The Ides of March is an epistolary novel by Thornton Wilder that was published in 1948. It is, in the author's words, 'a fantasia on certain events and persons of the last days of the Roman republic. Historical reconstruction is not among the primary aims of this work'. The novel deals with the characters and events leading to, and culminating in, the assassination of Julius Caesar.

Context
The novel is divided into four books, each of which starts earlier and ends later than the previous book.
Catullus' poems and the closing section by Suetonius are the only documents of the book which are not imagined; however, many of the events are historical, such as Cleopatra's visit to Rome.

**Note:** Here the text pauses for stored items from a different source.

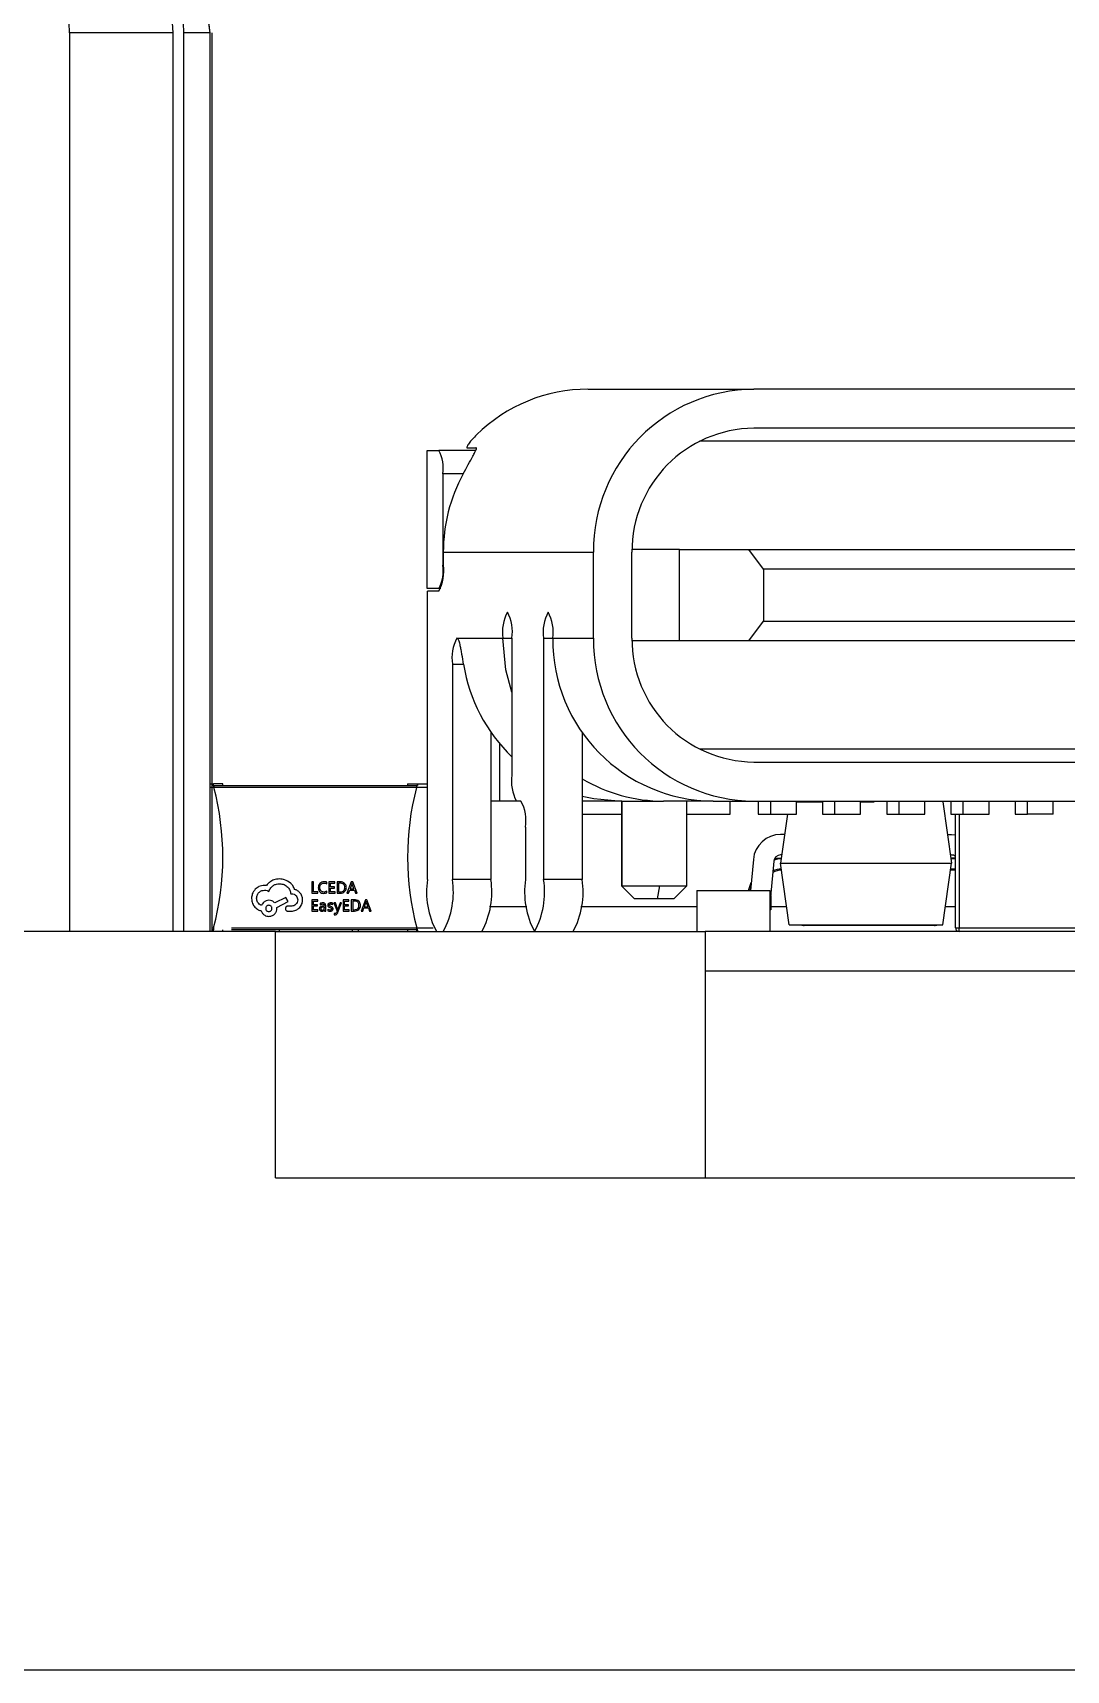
# Model space of a CAD drawing. Header units: millimetres. Extents: x 1258 to 2922, y -135 to 1239.
# Drawn here: x 1958 to 1962.2, y 694.91 to 701.56 of the extents above; entities that cross this region are included whole.
import ezdxf

# ---------------------------------------------------------------- set-up
doc = ezdxf.new("R2010")
doc.units = ezdxf.units.MM
doc.header["$LTSCALE"] = 6

msp = doc.modelspace()

# ---------------------------------------------------------------- linework, layer by layer
at = {"color": 7, "linetype": 'Continuous', "lineweight": 25}
for p, q in [((1958.1491, 701.5573), (1958.1491, 697.9073)), ((1958.5696, 701.5573), (1958.1491, 701.5573)), ((1958.5696, 697.9073), (1958.5696, 701.5573)), ((1958.6132, 697.9073), (1958.6132, 701.5573)), ((1958.72, 701.5573), (1958.6132, 701.5573)), ((1958.72, 697.9073), (1958.72, 701.5573)), ((1958.72, 697.9073), (1958.72, 701.5573)), ((1958.7279, 697.9073), (1958.7279, 701.5573)), ((1960.2544, 700.11), (1960.9283, 700.11)), ((1964.2864, 700.11), (1960.9283, 700.11)), ((1964.2864, 699.9511), (1960.9283, 699.9511)), ((1959.6007, 699.2999), (1959.6007, 699.8611)), ((1959.6007, 699.8611), (1959.6485, 699.8611)), ((1959.7986, 699.8611), (1959.6485, 699.8611)), ((1959.7627, 699.8717), (1959.7995, 699.8717)), ((1963.8423, 699.8982), (1960.7071, 699.8982)), ((1959.6651, 699.7658), (1959.6651, 699.3952)), ((1959.6669, 699.4481), (1960.2765, 699.4481)), ((1959.6669, 699.4481), (1959.6669, 699.3952)), ((1960.2765, 699.0987), (1960.2765, 699.4481)), ((1960.4329, 699.0987), (1960.4329, 699.4481)), ((1960.6264, 699.4587), (1960.4331, 699.4587)), ((1960.6264, 699.0881), (1960.6264, 699.4587)), ((1960.6264, 699.4587), (1960.9078, 699.4587)), ((1960.9667, 699.3793), (1960.9078, 699.4587)), ((1960.9078, 699.4587), (1964.1267, 699.4587)), ((1960.9667, 699.3793), (1960.9667, 699.1675)), ((1964.0954, 699.3793), (1960.9667, 699.3793)), ((1959.6485, 699.2999), (1959.6007, 699.2999)), ((1959.6026, 698.1191), (1959.6026, 699.2893)), ((1959.6485, 699.2893), (1959.6026, 699.2893)), ((1959.6565, 699.2999), (1959.6485, 699.2999)), ((1960.9078, 699.0881), (1960.9667, 699.1675)), ((1960.9667, 699.1675), (1964.0954, 699.1675)), ((1959.7221, 699.0987), (1959.9087, 699.0987)), ((1959.9455, 699.0987), (1959.9455, 698.5427)), ((1960.0742, 699.0987), (1960.0742, 698.1191)), ((1960.111, 699.0987), (1960.2765, 699.0987)), ((1960.6264, 699.0881), (1960.4331, 699.0881)), ((1960.9078, 699.0881), (1960.6264, 699.0881)), ((1964.1267, 699.0881), (1960.9078, 699.0881)), ((1959.7037, 698.9928), (1959.7037, 698.1191)), ((1959.8601, 698.7165), (1959.8601, 698.1191)), ((1960.2307, 698.7165), (1960.2307, 698.1191)), ((1959.8969, 698.4368), (1959.8969, 698.6685)), ((1960.7071, 698.6486), (1963.8423, 698.6486)), ((1960.9283, 698.5956), (1964.2864, 698.5956)), ((1958.72, 698.5073), (1958.7343, 698.5073)), ((1958.7334, 698.4998), (1958.7308, 698.4998)), ((1958.732, 698.5053), (1958.7323, 698.5053)), ((1958.7323, 698.5041), (1958.7323, 698.5053)), ((1958.7715, 698.5073), (1958.7343, 698.5073)), ((1958.7343, 698.4998), (1959.5588, 698.4998)), ((1959.5577, 698.4923), (1958.7354, 698.4923)), ((1958.7715, 698.4998), (1958.7715, 698.5073)), ((1959.5215, 698.5073), (1959.5215, 698.4998)), ((1959.5215, 698.5073), (1959.5588, 698.5073)), ((1959.5588, 698.5073), (1959.6026, 698.5073)), ((1959.5623, 698.4998), (1959.5597, 698.4998)), ((1959.5608, 698.5053), (1959.5611, 698.5053)), ((1959.5608, 698.5041), (1959.5608, 698.5053)), ((1959.8969, 698.4368), (1959.8601, 698.4368)), ((1959.9639, 698.4368), (1959.8969, 698.4368)), ((1959.9823, 698.4368), (1959.9639, 698.4368)), ((1960.3923, 698.4368), (1960.2307, 698.4368)), ((1960.2307, 698.3838), (1960.3906, 698.3838)), ((1960.3906, 698.4368), (1960.3906, 698.0926)), ((1960.3923, 698.4368), (1960.5605, 698.4368)), ((1960.3926, 698.0926), (1960.3926, 698.4368)), ((1960.7628, 698.4368), (1960.5605, 698.4368)), ((1960.6554, 698.0926), (1960.6554, 698.4368)), ((1960.6554, 698.3838), (1960.8321, 698.3838)), ((1960.7628, 698.4368), (1960.9283, 698.4368)), ((1960.8321, 698.3838), (1960.8321, 698.4368)), ((1960.9283, 698.4368), (1964.2864, 698.4368)), ((1960.9458, 698.4368), (1960.9458, 698.3838)), ((1960.9458, 698.3838), (1960.9963, 698.3838)), ((1960.9963, 698.3838), (1960.9963, 698.4368)), ((1960.9963, 698.3838), (1961.1006, 698.3838)), ((1961.0644, 698.3838), (1961.0365, 698.1848)), ((1961.1006, 698.3838), (1961.1006, 698.4368)), ((1961.1006, 698.4346), (1961.2065, 698.4346)), ((1961.1693, 698.4352), (1961.1693, 698.4346)), ((1961.1787, 698.4352), (1961.1787, 698.4346)), ((1961.1888, 698.4352), (1961.1888, 698.4346)), ((1961.2003, 698.4352), (1961.2003, 698.4346)), ((1961.2065, 698.4368), (1961.2065, 698.3838)), ((1961.2065, 698.3838), (1961.257, 698.3838)), ((1961.257, 698.3838), (1961.257, 698.4368)), ((1961.257, 698.3838), (1961.3613, 698.3838)), ((1961.3613, 698.3838), (1961.3613, 698.4368)), ((1961.3613, 698.4346), (1961.4164, 698.4346)), ((1961.4672, 698.4368), (1961.4672, 698.3838)), ((1961.4672, 698.3838), (1961.5178, 698.3838)), ((1961.5178, 698.3838), (1961.5178, 698.4368)), ((1961.5178, 698.3838), (1961.6221, 698.3838)), ((1961.6221, 698.3838), (1961.6221, 698.4368)), ((1961.6952, 698.4346), (1961.7303, 698.1848)), ((1961.7279, 698.4368), (1961.7279, 698.3838)), ((1961.7279, 698.3838), (1961.7785, 698.3838)), ((1961.7466, 697.9223), (1961.7466, 698.3838)), ((1961.7785, 698.3838), (1961.7785, 698.4368)), ((1961.7785, 698.3838), (1961.8828, 698.3838)), ((1961.8828, 698.3838), (1961.8828, 698.4368)), ((1961.9886, 698.4368), (1961.9886, 698.3838)), ((1961.9886, 698.3838), (1962.0392, 698.3838)), ((1962.0392, 698.3838), (1962.0392, 698.4368)), ((1962.1435, 698.3838), (1962.0392, 698.3838)), ((1962.1435, 698.3838), (1962.1435, 698.4368)), ((1960.0007, 698.3309), (1960.0007, 698.1191)), ((1961.0529, 698.3014), (1961.0364, 698.3014)), ((1961.7139, 698.3014), (1961.7304, 698.3014)), ((1961.7304, 698.3014), (1961.7466, 698.3002)), ((1960.9258, 698.2001), (1960.9147, 698.074)), ((1961.0087, 698.1928), (1960.9961, 698.0487)), ((1961.0411, 698.2181), (1961.0364, 698.2181)), ((1961.0716, 697.9351), (1961.0365, 698.1848)), ((1961.0365, 698.1848), (1961.7303, 698.1848)), ((1961.6952, 697.9351), (1961.7303, 698.1848)), ((1961.7256, 698.2181), (1961.7304, 698.2181)), ((1961.7272, 698.2069), (1961.7466, 698.2069)), ((1959.8601, 698.1191), (1959.7037, 698.1191)), ((1960.2307, 698.1191), (1960.0742, 698.1191)), ((1961.7466, 698.1569), (1961.7264, 698.1569)), ((1959.0475, 698.0609), (1959.0501, 698.0609)), ((1959.1332, 698.1088), (1959.1332, 698.0631)), ((1959.1391, 698.1088), (1959.1332, 698.1088)), ((1959.1332, 698.0631), (1959.1573, 698.0631)), ((1959.1391, 698.0683), (1959.1391, 698.1088)), ((1959.1573, 698.0683), (1959.1391, 698.0683)), ((1959.1573, 698.0631), (1959.1573, 698.0683)), ((1959.1934, 698.1016), (1959.1934, 698.1077)), ((1959.1934, 698.065), (1959.1934, 698.0706)), ((1959.2026, 698.1088), (1959.2026, 698.0631)), ((1959.2262, 698.1088), (1959.2026, 698.1088)), ((1959.2026, 698.0631), (1959.2272, 698.0631)), ((1959.2085, 698.1036), (1959.2262, 698.1036)), ((1959.2085, 698.0889), (1959.2085, 698.1036)), ((1959.2249, 698.0889), (1959.2085, 698.0889)), ((1959.2085, 698.0683), (1959.2085, 698.0837)), ((1959.2085, 698.0837), (1959.2249, 698.0837)), ((1959.2272, 698.0683), (1959.2085, 698.0683)), ((1959.2249, 698.0837), (1959.2249, 698.0889)), ((1959.2262, 698.1036), (1959.2262, 698.1088)), ((1959.2272, 698.0631), (1959.2272, 698.0683)), ((1959.2489, 698.1088), (1959.2358, 698.1088)), ((1959.2358, 698.1088), (1959.2358, 698.0631)), ((1959.2358, 698.0631), (1959.2484, 698.0631)), ((1959.2417, 698.1036), (1959.2417, 698.0683)), ((1959.2487, 698.1036), (1959.2417, 698.1036)), ((1959.2417, 698.0683), (1959.2484, 698.0683)), ((1959.2931, 698.1088), (1959.2756, 698.0631)), ((1959.2756, 698.0631), (1959.2822, 698.0631)), ((1959.2822, 698.0631), (1959.2866, 698.0756)), ((1959.2866, 698.0756), (1959.3056, 698.0756)), ((1959.2953, 698.0998), (1959.2884, 698.0808)), ((1959.2884, 698.0808), (1959.3038, 698.0808)), ((1959.2994, 698.1088), (1959.2931, 698.1088)), ((1959.2962, 698.103), (1959.296, 698.103)), ((1959.3038, 698.0808), (1959.2969, 698.0998)), ((1959.3168, 698.0631), (1959.2994, 698.1088)), ((1959.3056, 698.0756), (1959.3103, 698.0631)), ((1959.3103, 698.0631), (1959.3168, 698.0631)), ((1960.3906, 698.0926), (1960.4436, 698.0397)), ((1960.3906, 698.0926), (1960.3926, 698.0926)), ((1960.3926, 698.0926), (1960.546, 698.0926)), ((1960.5368, 698.0397), (1960.546, 698.0926)), ((1960.546, 698.0926), (1960.6554, 698.0926)), ((1960.6024, 698.0397), (1960.6554, 698.0926)), ((1960.6966, 698.074), (1960.6966, 697.9073)), ((1960.6966, 698.074), (1960.9928, 698.074)), ((1960.9057, 698.074), (1960.9176, 698.1068)), ((1960.9928, 698.074), (1960.9928, 697.9073)), ((1960.9966, 698.0534), (1960.9928, 698.0534)), ((1959.0267, 698.046), (1958.9831, 698.0232)), ((1958.9912, 698.0046), (1959.0368, 698.0287)), ((1958.9912, 698.0014), (1958.9912, 698.0046)), ((1959.0368, 698.0287), (1959.0267, 698.046)), ((1959.0348, 697.9903), (1959.054, 697.9903)), ((1959.0521, 698.0102), (1959.0374, 698.0102)), ((1959.1332, 698.0362), (1959.1332, 697.9905)), ((1959.1567, 698.0362), (1959.1332, 698.0362)), ((1959.1332, 697.9905), (1959.1578, 697.9905)), ((1959.1391, 698.031), (1959.1567, 698.031)), ((1959.1391, 698.0163), (1959.1391, 698.031)), ((1959.1554, 698.0163), (1959.1391, 698.0163)), ((1959.1391, 698.0111), (1959.1554, 698.0111)), ((1959.1391, 697.9957), (1959.1391, 698.0111)), ((1959.1578, 697.9957), (1959.1391, 697.9957)), ((1959.1554, 698.0111), (1959.1554, 698.0163)), ((1959.1567, 698.031), (1959.1567, 698.0362)), ((1959.1578, 697.9905), (1959.1578, 697.9957)), ((1959.1664, 698.0209), (1959.1664, 698.0153)), ((1959.1838, 698.0113), (1959.1741, 698.0099)), ((1959.1838, 698.0069), (1959.1761, 698.0059)), ((1959.1836, 697.9955), (1959.1838, 697.9955)), ((1959.1838, 698.0038), (1959.1838, 698.0069)), ((1959.1838, 697.9955), (1959.1838, 697.9905)), ((1959.1838, 697.9905), (1959.1895, 697.9905)), ((1959.1895, 697.9905), (1959.1895, 698.0115)), ((1959.1973, 697.9976), (1959.1973, 697.9916)), ((1959.2178, 698.0169), (1959.2178, 698.0225)), ((1959.2223, 698.0232), (1959.2352, 697.9906)), ((1959.2287, 698.0232), (1959.2223, 698.0232)), ((1959.2373, 697.9986), (1959.2287, 698.0232)), ((1959.2352, 697.9906), (1959.2326, 697.9846)), ((1959.238, 697.9959), (1959.2373, 697.9986)), ((1959.2381, 697.9959), (1959.238, 697.9959)), ((1959.2478, 698.0232), (1959.2388, 697.9986)), ((1959.2389, 697.9856), (1959.2537, 698.0232)), ((1959.2537, 698.0232), (1959.2478, 698.0232)), ((1959.2599, 698.0362), (1959.2599, 697.9905)), ((1959.2835, 698.0362), (1959.2599, 698.0362)), ((1959.2599, 697.9905), (1959.2845, 697.9905)), ((1959.2658, 698.031), (1959.2835, 698.031)), ((1959.2658, 698.0163), (1959.2658, 698.031)), ((1959.2822, 698.0163), (1959.2658, 698.0163)), ((1959.2658, 697.9957), (1959.2658, 698.0111)), ((1959.2658, 698.0111), (1959.2822, 698.0111)), ((1959.2845, 697.9957), (1959.2658, 697.9957)), ((1959.2822, 698.0111), (1959.2822, 698.0163)), ((1959.2835, 698.031), (1959.2835, 698.0362)), ((1959.2845, 697.9905), (1959.2845, 697.9957)), ((1959.2931, 698.0362), (1959.2931, 697.9905)), ((1959.3062, 698.0362), (1959.2931, 698.0362)), ((1959.2931, 697.9905), (1959.3057, 697.9905)), ((1959.306, 698.031), (1959.299, 698.031)), ((1959.299, 698.031), (1959.299, 697.9957)), ((1959.299, 697.9957), (1959.3057, 697.9957)), ((1959.3504, 698.0362), (1959.3329, 697.9905)), ((1959.3329, 697.9905), (1959.3395, 697.9905)), ((1959.3395, 697.9905), (1959.3439, 698.003)), ((1959.3439, 698.003), (1959.3629, 698.003)), ((1959.3526, 698.0272), (1959.3457, 698.0082)), ((1959.3457, 698.0082), (1959.3611, 698.0082)), ((1959.3567, 698.0362), (1959.3504, 698.0362)), ((1959.3535, 698.0304), (1959.3533, 698.0304)), ((1959.3611, 698.0082), (1959.3542, 698.0272)), ((1959.3741, 697.9905), (1959.3567, 698.0362)), ((1959.3629, 698.003), (1959.3676, 697.9905)), ((1959.3676, 697.9905), (1959.3741, 697.9905)), ((1960.0062, 698.0073), (1959.8546, 698.0073)), ((1960.6966, 698.0073), (1960.2251, 698.0073)), ((1960.5368, 698.0397), (1960.4436, 698.0397)), ((1960.6024, 698.0397), (1960.5368, 698.0397)), ((1960.9966, 698.0485), (1960.9928, 698.0485)), ((1960.9966, 698.0433), (1960.9928, 698.0433)), ((1960.9966, 698.0373), (1960.9928, 698.0373)), ((1960.9966, 698.023), (1960.9928, 698.023)), ((1960.9966, 698.0094), (1960.9928, 698.0094)), ((1960.9966, 698.0034), (1960.9928, 698.0034)), ((1960.9966, 697.9949), (1960.9928, 697.9949)), ((1961.0614, 698.0073), (1960.9966, 698.0073)), ((1961.7466, 698.0073), (1961.7053, 698.0073)), ((1958.7334, 697.9093), (1958.7334, 697.9191)), ((1959.2235, 697.9807), (1959.2235, 697.9756)), ((1959.5597, 697.9093), (1959.5597, 697.9191)), ((1961.0716, 697.9351), (1961.6952, 697.9351)), ((1961.6611, 697.9319), (1961.132, 697.9319)), ((1961.7466, 697.9223), (1961.7616, 697.9223)), ((1961.7616, 697.9073), (1961.7616, 697.9223)), ((1961.7616, 697.9223), (1962.3316, 697.9223)), ((1958.9856, 697.9073), (1938.4108, 697.9073)), ((1958.7334, 697.9093), (1958.7308, 697.9093)), ((1958.7715, 697.9073), (1958.7715, 697.9148)), ((1959.5577, 697.9148), (1958.8071, 697.9148)), ((1958.9856, 696.9073), (1958.9856, 697.9073)), ((1958.9856, 697.9073), (1960.7308, 697.9073)), ((1959.0003, 697.9148), (1959.0003, 697.9073)), ((1959.2965, 697.9148), (1959.2965, 697.9073)), ((1959.3215, 697.9148), (1959.3215, 697.9073)), ((1959.5215, 697.9148), (1959.5215, 697.9073)), ((1959.5623, 697.9093), (1959.5597, 697.9093)), ((1959.5608, 697.9148), (1959.5611, 697.9148)), ((1965.7497, 697.9073), (1960.7308, 697.9073)), ((1960.7308, 697.9073), (1960.7308, 696.9073)), ((1965.7497, 697.746), (1960.7308, 697.746)), ((1958.9856, 696.9073), (1970.8906, 696.9073)), ((1976.8813, 694.9073), (1938.4108, 694.9073))]:
    msp.add_line(p, q, dxfattribs=at)
at = {"color": 8, "linetype": 'Continuous', "lineweight": 25}
for p, q in [((1959.7469, 699.7658), (1959.6651, 699.7658)), ((1959.6669, 699.3952), (1959.6651, 699.3952)), ((1959.9087, 699.0987), (1959.9455, 699.0987)), ((1960.0742, 699.0987), (1960.111, 699.0987)), ((1959.7037, 698.9928), (1959.7489, 698.9928)), ((1958.7354, 698.4923), (1958.72, 698.4923)), ((1959.6026, 698.4923), (1959.5577, 698.4923)), ((1961.7616, 698.3838), (1961.7616, 697.9223)), ((1961.7466, 698.2019), (1961.7279, 698.2019)), ((1961.7271, 698.1619), (1961.7466, 698.1619)), ((1960.9159, 698.0876), (1960.911, 698.074)), ((1958.8062, 697.9223), (1959.5588, 697.9223)), ((1959.5588, 697.9223), (1959.6257, 697.9223)), ((1961.132, 697.9319), (1961.132, 697.9351)), ((1961.6611, 697.9351), (1961.6611, 697.9319))]:
    msp.add_line(p, q, dxfattribs=at)
at = {"color": 7, "linetype": 'Continuous', "lineweight": 25, "flags": 128}
for points in [[(1959.9455, 698.8795), (1959.9213, 698.9695), (1959.9087, 699.0987)], [(1960.2307, 698.4575), (1960.278, 698.447), (1960.3923, 698.4368)], [(1961.0118, 698.2033), (1961.0226, 698.2055), (1961.0416, 698.2069)]]:
    msp.add_lwpolyline(points, dxfattribs=at)
at = {"color": 8, "linetype": 'Continuous', "lineweight": 25, "flags": 128}
msp.add_lwpolyline([(1961.0389, 698.2019), (1961.0233, 698.2005), (1961.0096, 698.1976)], dxfattribs=at)
at = {"color": 7, "linetype": 'Continuous', "lineweight": 25}
for centre, radius, start, end in [((1957.7498, 701.5581), 0.3992, 359.89099, 89.89057), ((1958.1704, 701.5581), 0.3992, 359.89099, 89.89057), ((1958.214, 701.5581), 0.3992, 359.89099, 89.89057), ((1960.2552, 699.4633), 0.6467, 90.07261, 134.48497), ((1960.9334, 699.4531), 0.6569, 90.44191, 180.43519), ((1960.9322, 699.4519), 0.4992, 90.44191, 180.43519), ((1959.5155, 699.7889), 0.1514, 351.22054, 28.48161), ((1960.3368, 699.4483), 0.6699, 151.71248, 180.02033), ((1959.5155, 699.3721), 0.1514, 331.51839, 8.77946), ((1959.5007, 699.3695), 0.1682, 331.51839, 8.77946), ((1960.075, 699.1243), 0.1682, 151.51839, 188.77946), ((1959.7793, 699.1243), 0.1682, 351.22054, 28.48161), ((1960.2405, 699.1243), 0.1682, 151.51839, 188.77946), ((1959.9448, 699.1243), 0.1682, 351.22054, 28.48161), ((1959.8699, 699.0184), 0.1682, 151.51839, 188.77946), ((1960.7679, 699.0937), 0.6569, 179.56481, 269.55809), ((1960.9334, 699.0937), 0.6569, 179.56481, 269.55809), ((1960.9322, 699.0949), 0.4992, 179.56481, 269.55809), ((1960.4055, 699.0967), 0.6648, 188.99654, 226.2172), ((1960.1118, 698.517), 0.1682, 171.22054, 208.48161), ((1960.5609, 699.0812), 0.6444, 239.17824, 269.97124), ((1957.6465, 698.2095), 1.125, 345.21209, 14.56185), ((1960.6466, 698.2095), 1.125, 165.43815, 194.78791), ((1959.8344, 698.3566), 0.1682, 351.22054, 28.48161), ((1961.0364, 698.1904), 0.111, 90, 175), ((1961.0364, 698.1904), 0.0278, 90, 175), ((1961.7304, 698.1904), 0.0278, 54.38362, 90), ((1959.9351, 698.0677), 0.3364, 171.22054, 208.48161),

Though the novel describes events leading up to Caesar's assassination on 15 March 44 BC, a number of earlier events are described as if they were contemporary.  Thus, the violation of the Bona Dea mysteries by Publius Clodius Pulcher, Caesar's subsequent divorce of his second wife Pompeia, and the circulation of two poems by Catullus suggesting that Caesar and his engineer, Mamurra, were lovers (and Catallus's subsequent apology) are transposed from December 62 BC to December 45 BC. In addition, many of the characters depicted as living in the novel were actually dead by 44 BC, including M. Porcius Cato (in 46 BC), Catullus (in c. 54 BC), Julia (in 69 BC) and Clodius (in 52 BC).

Major characters
Note that names, relationships, and events are described as they occur in the novel, and are not necessarily historically accurate.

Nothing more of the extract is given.